Member of the Constitutional Assembly
- In office 1920–1922

Personal details
- Born: 2 August 1886 Andrupene Parish, Russian Empire
- Died: 11 July 1967 (aged 80) Los Angeles, United States

= Apolonija Laurinoviča =

Latvian physician and politician

Apolonija Laurinoviča (2 August 1886 – 11 July 1967) was a Latvian physician and politician. In 1920 she was one of the six women elected to the Constitutional Assembly, Latvia's first female parliamentarians.

==Biography==
Laurinoviča was born in Andrupene Parish in 1886. She worked as a primary school teacher in Saint Petersburg from 1905 until 1917. During World War I she taught at a gymnasium and was involved with the Latgalian Refugee Relief Society. Between 1917 and 1918 she was a member of the Latgale Provisional Land Council. She was a Latgalian Farmers Party candidate in the 1920 Constitutional Assembly elections. and was one of the members elected (alongside her brother Jezups), serving in the Assembly until 1922.
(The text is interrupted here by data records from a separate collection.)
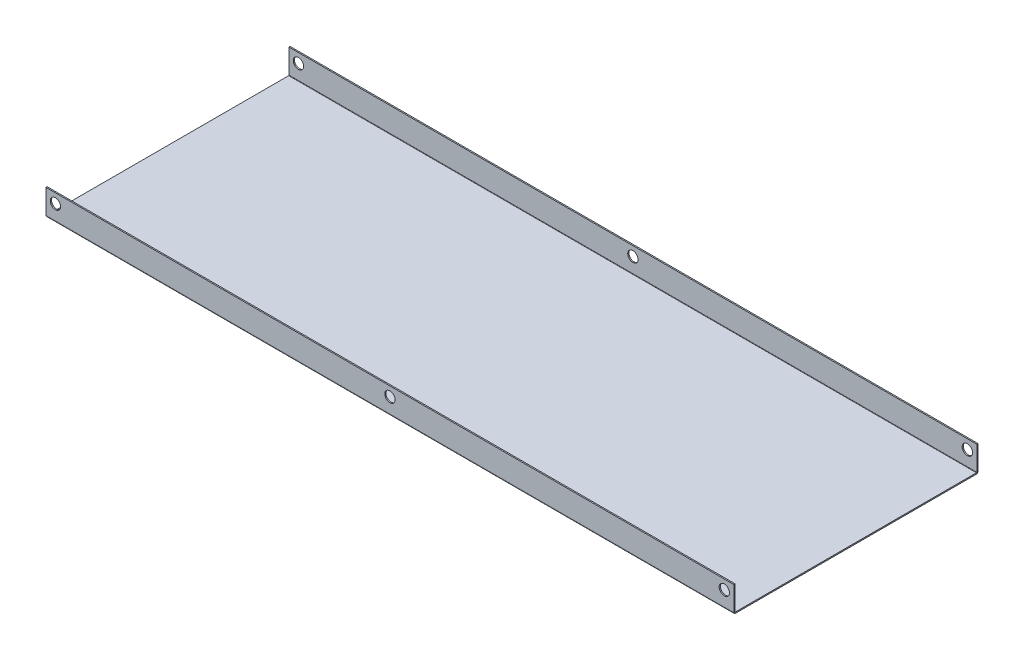
ISO-10303-21;
HEADER;
FILE_DESCRIPTION(('STEP AP214'),'2;1');
FILE_NAME('part.step','',(''),(''),'','','');
FILE_SCHEMA(('AUTOMOTIVE_DESIGN { 1 0 10303 214 1 1 1 1 }'));
ENDSEC;
DATA;
#1=APPLICATION_CONTEXT('core data for automotive mechanical design processes');
#2=APPLICATION_PROTOCOL_DEFINITION('international standard','automotive_design',2000,#1);
#3=PRODUCT_CONTEXT('',#1,'mechanical');
#4=PRODUCT('Part','Part','',(#3));
#5=PRODUCT_RELATED_PRODUCT_CATEGORY('part','',(#4));
#6=PRODUCT_DEFINITION_FORMATION('','',#4);
#7=PRODUCT_DEFINITION_CONTEXT('part definition',#1,'design');
#8=PRODUCT_DEFINITION('design','',#6,#7);
#9=PRODUCT_DEFINITION_SHAPE('','',#8);
#10=(LENGTH_UNIT() NAMED_UNIT(*) SI_UNIT(.MILLI.,.METRE.));
#11=(NAMED_UNIT(*) PLANE_ANGLE_UNIT() SI_UNIT($,.RADIAN.));
#12=(NAMED_UNIT(*) SI_UNIT($,.STERADIAN.) SOLID_ANGLE_UNIT());
#13=UNCERTAINTY_MEASURE_WITH_UNIT(LENGTH_MEASURE(1.E-05),#10,'distance_accuracy_value','');
#14=(GEOMETRIC_REPRESENTATION_CONTEXT(3) GLOBAL_UNCERTAINTY_ASSIGNED_CONTEXT((#13)) GLOBAL_UNIT_ASSIGNED_CONTEXT((#10,
#11,#12)) REPRESENTATION_CONTEXT('',''));
#15=CARTESIAN_POINT('',(0.,0.,0.));
#16=DIRECTION('',(0.,0.,1.));
#17=DIRECTION('',(1.,0.,0.));
#18=AXIS2_PLACEMENT_3D('',#15,#16,#17);
#19=CARTESIAN_POINT('',(0.,-0.7,0.));
#20=DIRECTION('',(0.,-1.,0.));
#21=DIRECTION('',(0.,0.,-1.));
#22=AXIS2_PLACEMENT_3D('',#19,#20,#21);
#23=PLANE('',#22);
#24=DIRECTION('',(0.,0.,-1.));
#25=VECTOR('',#24,1.);
#26=CARTESIAN_POINT('',(200.,-0.7,71.));
#27=LINE('',#26,#25);
#28=CARTESIAN_POINT('',(200.,-0.699999999999993,70.1));
#29=VERTEX_POINT('',#28);
#30=CARTESIAN_POINT('',(200.,-0.7,-70.1));
#31=VERTEX_POINT('',#30);
#32=EDGE_CURVE('E91',#29,#31,#27,.T.);
#33=ORIENTED_EDGE('',*,*,#32,.F.);
#34=DIRECTION('',(1.,0.,0.));
#35=VECTOR('',#34,1.);
#36=CARTESIAN_POINT('',(200.,-0.699999999999993,70.1));
#37=LINE('',#36,#35);
#38=CARTESIAN_POINT('',(-200.,-0.7,70.1));
#39=VERTEX_POINT('',#38);
#40=EDGE_CURVE('E227',#29,#39,#37,.F.);
#41=ORIENTED_EDGE('',*,*,#40,.T.);
#42=DIRECTION('',(0.,0.,1.));
#43=VECTOR('',#42,1.);
#44=CARTESIAN_POINT('',(-200.,-0.7,71.));
#45=LINE('',#44,#43);
#46=CARTESIAN_POINT('',(-200.,-0.700000000000022,-70.1));
#47=VERTEX_POINT('',#46);
#48=EDGE_CURVE('E13',#47,#39,#45,.T.);
#49=ORIENTED_EDGE('',*,*,#48,.F.);
#50=DIRECTION('',(-1.,0.,0.));
#51=VECTOR('',#50,1.);
#52=CARTESIAN_POINT('',(-200.,-0.700000000000022,-70.1));
#53=LINE('',#52,#51);
#54=EDGE_CURVE('E298',#47,#31,#53,.F.);
#55=ORIENTED_EDGE('',*,*,#54,.T.);
#56=EDGE_LOOP('',(#33,#41,#49,#55));
#57=FACE_BOUND('',#56,.T.);
#58=ADVANCED_FACE('F81',(#57),#23,.T.);
#59=CARTESIAN_POINT('',(0.,0.,0.));
#60=DIRECTION('',(0.,-1.,0.));
#61=DIRECTION('',(0.,0.,-1.));
#62=AXIS2_PLACEMENT_3D('',#59,#60,#61);
#63=PLANE('',#62);
#64=DIRECTION('',(1.,0.,0.));
#65=VECTOR('',#64,1.);
#66=CARTESIAN_POINT('',(200.,0.,70.1));
#67=LINE('',#66,#65);
#68=CARTESIAN_POINT('',(200.,0.,70.1));
#69=VERTEX_POINT('',#68);
#70=CARTESIAN_POINT('',(-200.,0.,70.1));
#71=VERTEX_POINT('',#70);
#72=EDGE_CURVE('E242',#69,#71,#67,.F.);
#73=ORIENTED_EDGE('',*,*,#72,.F.);
#74=DIRECTION('',(0.,0.,-1.));
#75=VECTOR('',#74,1.);
#76=CARTESIAN_POINT('',(200.,0.,71.));
#77=LINE('',#76,#75);
#78=CARTESIAN_POINT('',(200.,0.,-70.1));
#79=VERTEX_POINT('',#78);
#80=EDGE_CURVE('E322',#69,#79,#77,.T.);
#81=ORIENTED_EDGE('',*,*,#80,.T.);
#82=DIRECTION('',(-1.,0.,0.));
#83=VECTOR('',#82,1.);
#84=CARTESIAN_POINT('',(-200.,0.,-70.1));
#85=LINE('',#84,#83);
#86=CARTESIAN_POINT('',(-200.,0.,-70.1));
#87=VERTEX_POINT('',#86);
#88=EDGE_CURVE('E313',#87,#79,#85,.F.);
#89=ORIENTED_EDGE('',*,*,#88,.F.);
#90=DIRECTION('',(0.,0.,1.));
#91=VECTOR('',#90,1.);
#92=CARTESIAN_POINT('',(-200.,0.,71.));
#93=LINE('',#92,#91);
#94=EDGE_CURVE('E328',#87,#71,#93,.T.);
#95=ORIENTED_EDGE('',*,*,#94,.T.);
#96=EDGE_LOOP('',(#73,#81,#89,#95));
#97=FACE_BOUND('',#96,.T.);
#98=ADVANCED_FACE('F399',(#97),#63,.F.);
#99=CARTESIAN_POINT('',(200.,-0.7,71.));
#100=DIRECTION('',(1.,0.,0.));
#101=DIRECTION('',(0.,0.,-1.));
#102=AXIS2_PLACEMENT_3D('',#99,#100,#101);
#103=PLANE('',#102);
#104=ORIENTED_EDGE('',*,*,#80,.F.);
#105=DIRECTION('',(0.,-1.,0.));
#106=VECTOR('',#105,1.);
#107=CARTESIAN_POINT('',(200.,0.,70.1));
#108=LINE('',#107,#106);
#109=EDGE_CURVE('E234',#69,#29,#108,.T.);
#110=ORIENTED_EDGE('',*,*,#109,.T.);
#111=ORIENTED_EDGE('',*,*,#32,.T.);
#112=DIRECTION('',(0.,-1.,0.));
#113=VECTOR('',#112,1.);
#114=CARTESIAN_POINT('',(200.,0.,-70.1));
#115=LINE('',#114,#113);
#116=EDGE_CURVE('E319',#79,#31,#115,.T.);
#117=ORIENTED_EDGE('',*,*,#116,.F.);
#118=EDGE_LOOP('',(#104,#110,#111,#117));
#119=FACE_BOUND('',#118,.T.);
#120=ADVANCED_FACE('F83',(#119),#103,.T.);
#121=CARTESIAN_POINT('',(-200.,-0.7,71.));
#122=DIRECTION('',(-1.,0.,0.));
#123=DIRECTION('',(0.,0.,1.));
#124=AXIS2_PLACEMENT_3D('',#121,#122,#123);
#125=PLANE('',#124);
#126=DIRECTION('',(0.,-1.,0.));
#127=VECTOR('',#126,1.);
#128=CARTESIAN_POINT('',(-200.,0.,70.1));
#129=LINE('',#128,#127);
#130=EDGE_CURVE('E249',#71,#39,#129,.T.);
#131=ORIENTED_EDGE('',*,*,#130,.F.);
#132=ORIENTED_EDGE('',*,*,#94,.F.);
#133=DIRECTION('',(0.,-1.,0.));
#134=VECTOR('',#133,1.);
#135=CARTESIAN_POINT('',(-200.,0.,-70.1));
#136=LINE('',#135,#134);
#137=EDGE_CURVE('E305',#87,#47,#136,.T.);
#138=ORIENTED_EDGE('',*,*,#137,.T.);
#139=ORIENTED_EDGE('',*,*,#48,.T.);
#140=EDGE_LOOP('',(#131,#132,#138,#139));
#141=FACE_BOUND('',#140,.T.);
#142=ADVANCED_FACE('F411',(#141),#125,.T.);
#143=CARTESIAN_POINT('',(200.,0.200000000000011,-70.1));
#144=DIRECTION('',(1.,0.,0.));
#145=DIRECTION('',(0.,1.,0.));
#146=AXIS2_PLACEMENT_3D('',#143,#144,#145);
#147=PLANE('',#146);
#148=DIRECTION('',(0.,0.,1.));
#149=VECTOR('',#148,1.);
#150=CARTESIAN_POINT('',(200.,0.200000000000011,-71.));
#151=LINE('',#150,#149);
#152=CARTESIAN_POINT('',(200.,0.20000000000001,-70.3));
#153=VERTEX_POINT('',#152);
#154=CARTESIAN_POINT('',(200.,0.200000000000007,-71.));
#155=VERTEX_POINT('',#154);
#156=EDGE_CURVE('E252',#153,#155,#151,.F.);
#157=ORIENTED_EDGE('',*,*,#156,.F.);
#158=CARTESIAN_POINT('',(200.,0.200000000000011,-70.1));
#159=DIRECTION('',(-1.,0.,0.));
#160=DIRECTION('',(0.,-1.,0.));
#161=AXIS2_PLACEMENT_3D('',#158,#159,#160);
#162=CIRCLE('',#161,0.200000000000006);
#163=EDGE_CURVE('E309',#79,#153,#162,.F.);
#164=ORIENTED_EDGE('',*,*,#163,.F.);
#165=ORIENTED_EDGE('',*,*,#116,.T.);
#166=CARTESIAN_POINT('',(200.,0.200000000000011,-70.1));
#167=DIRECTION('',(-1.,0.,0.));
#168=DIRECTION('',(0.,-1.,0.));
#169=AXIS2_PLACEMENT_3D('',#166,#167,#168);
#170=CIRCLE('',#169,0.900000000000006);
#171=EDGE_CURVE('E99',#31,#155,#170,.F.);
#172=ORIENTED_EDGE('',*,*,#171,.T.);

Between 1924 and 1927, Laurinoviča worked as a doctor at Daugavpils Hospital. She lectured in anatomy and physiology at the Daugavpils Teachers' Institute from 1924 until 1940, and served as the director of the Daugavpils Kalkūnai Children's Home from 1926 to 1938. She also worked in the editorial office of the Latgolas Škola magazine. During World War II she went into exile, and died in Los Angeles in the United States in 1967.